We establish a DNA origami based tool for quantifying conformational equilibria of biomolecular assemblies as a function of environmental conditions. As first application, we employed the tool to study the salt-induced disassembly of nucleosome core particles. To extract binding constants and energetic penalties, we integrated nucleosomes in the spectrometer such that unwrapping of the nucleosomal template DNA, leading from bent to more extended states was directly coupled to the conformation of the spectrometer. Nucleosome unwrapping was induced by increasing the ionic strength. The corresponding shifts in conformation equilibrium of the spectrometer were followed by direct conformation imaging using negative staining TEM and by FRET read out after gel electrophoretic separation of conformations. We find nucleosome dissociation constants in the picomolar range at low ionic strength (11 mM MgCl2), in the nanomolar range at intermediate ionic strength (11 mM MgCl2 with 0.5-1 M NaCl) and in the micromolar range at larger ionic strength (11 mM MgCl2 with ≥1.5 M NaCl). Integration of up to four nucleosomes stacked side-by-side, as it might occur within chromatin fibers, did not appear to affect the salt-induced unwrapping of nucleosomes. Presumably, such stacking interactions are already effectively screened at the nucleosome unwrapping conditions. Our spectrometer provides a modular platform with a direct read out to study conformational equilibria for targets from small biomolecules up to large macromolecular assemblies.
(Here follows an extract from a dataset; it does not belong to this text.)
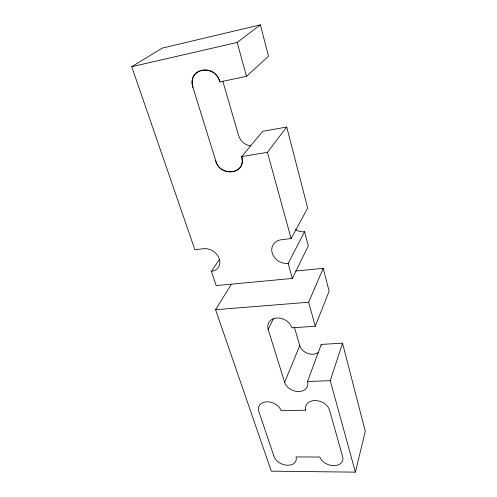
<?xml version="1.0" encoding="UTF-8"?>
<svg xmlns="http://www.w3.org/2000/svg" width="497" height="497" viewBox="0 0 497 497"><rect width="100%" height="100%" fill="white"/><g stroke="black" fill="none" stroke-linecap="round" stroke-linejoin="round"><path stroke-width="0.75" d="M231.105 284.644L215.586 309.693L271.306 471.156L355.405 472.15L365.27 431.272L342.539 343.185L321.255 344.396L307.544 381.516A12.226 9.163 22.8 0 1 298.989 391.543A12.226 9.163 22.8 0 1 284.638 382.367L268.169 329.393L273.692 318.086M355.405 472.15L330.238 380.671L342.539 343.185M268.169 329.393A12.692 9.971 25.3 0 1 276.798 318.03A12.692 9.971 25.3 0 1 291.814 327.815L315.26 326.249L329.12 291.186L323.224 268.337L295.727 271.027M284.638 382.367L299.728 345.62L294.33 327.063M315.26 326.249L308.656 302.232L323.224 268.337M292.354 278.438L288.136 263.472A13.581 11.456 28.3 0 1 272.17 252.967A13.581 11.456 28.3 0 1 281.426 239.703L291.143 238.579L307.668 208.057L286.757 127.033L262.783 131.289L241.66 156.598C246.86 175.05 219.401 176.957 215.773 160.873L192.979 87.578C186.45 67.673 215.804 63.374 219.792 81.949L246.506 76.345L268.492 56.242L260.385 24.85L162.177 48.122L131.73 66.716L194.886 249.73L203.695 248.705A13.046 10.468 35.1 0 1 219.252 258.738A13.046 10.468 35.1 0 1 211.362 271.331L216.189 285.589L292.354 278.438L308.295 245.891L304.549 231.72A12.568 10.953 28.2 0 1 295.38 229.471M288.136 263.472L304.549 231.72M211.362 271.331L219.599 259.285M215.773 160.873C219.475 176.907 246.767 175.037 241.66 156.598L267.417 152.343L286.757 127.033M131.73 66.716L237.181 42.444L260.385 24.85M215.586 309.693L308.656 302.232M307.544 381.516L330.238 380.671M219.792 81.949C215.108 63.523 187.065 67.25 192.979 87.578M222.793 81.135L238.628 135.575A13.32 11.878 46.6 0 0 250.674 145.907M237.181 42.444L246.506 76.345M267.417 152.343L291.143 238.579M318.49 352.423A11.4 8.903 22.2 0 1 307.649 353.392A11.4 8.903 22.2 0 1 299.728 345.62M321.255 344.396A11.4 8.903 22.2 0 1 321.441 345.241M305.692 410.193L281.215 410.721A12.17 8.766 24.1 0 0 266.746 401.831A12.17 8.766 24.1 0 0 258.838 411.553L274.064 456.519A11.773 8.12 22.5 0 0 287.664 465.248A11.773 8.12 22.5 0 0 296.032 456.929L319.795 457.023A12.145 8.48 19.7 0 0 333.99 465.639A12.145 8.48 19.7 0 0 342.681 456.774L329.492 410.044A12.555 9.188 20.8 0 0 315.023 400.545A12.555 9.188 20.8 0 0 305.692 410.193"/></g></svg>

Uncovering the forces between nucleosomes using DNA origami.

Revealing the energy landscape for nucleosome association may contribute to the understanding of higher-order chromatin structures and their impact on genome regulation. We accomplish this in a direct measurement by integrating two nucleosomes into a DNA origami-based force spectrometer, which enabled subnanometer-resolution measurements of nucleosome-nucleosome distance frequencies via single-particle electron microscopy imaging. From the data, we derived the Boltzmann-weighted distance-dependent energy landscape for nucleosome pair interactions. We find a shallow but long-range (~6 nm) attractive nucleosome pair potential with a minimum of -1.6 kcal/mol close to direct contact distances. The relative nucleosome orientation had little influence, but histone H4 acetylation or removal of histone tails drastically decreased the interaction strength. Because of the weak and shallow pair potential, higher-order nucleosome assemblies will be compliant and experience dynamic shape fluctuations in the absence of additional cofactors. Our results contribute to a more accurate description of chromatin and our force spectrometer provides a powerful tool for the direct and high-resolution study of molecular interactions using imaging techniques.

Placing molecules with Bohr radius resolution using DNA origami.

Molecular self-assembly with nucleic acids can be used to fabricate discrete objects with defined sizes and arbitrary shapes. It relies on building blocks that are commensurate to those of biological macromolecular machines and should therefore be capable of delivering the atomic-scale placement accuracy known today only from natural and designed proteins. However, research in the field has predominantly focused on producing increasingly large and complex, but more coarsely defined, objects and placing them in an orderly manner on solid substrates. So far, few objects afford a design accuracy better than 5 nm, and the subnanometre scale has been reached only within the unit cells of designed DNA crystals. Here, we report a molecular positioning device made from a hinged DNA origami object in which the angle between the two structural units can be controlled with adjuster helices. To test the positioning capabilities of the device, we used photophysical and crosslinking assays that report the coordinate of interest directly with atomic resolution. Using this combination of placement and analysis, we rationally adjusted the average distance between fluorescent molecules and reactive groups from 1.5 to 9 nm in 123 discrete displacement steps. The smallest displacement step possible was 0.04 nm, which is slightly less than the Bohr radius. The fluctuation amplitudes in the distance coordinate were also small (±0.5 nm), and within a factor of two to three of the amplitudes found in protein structures.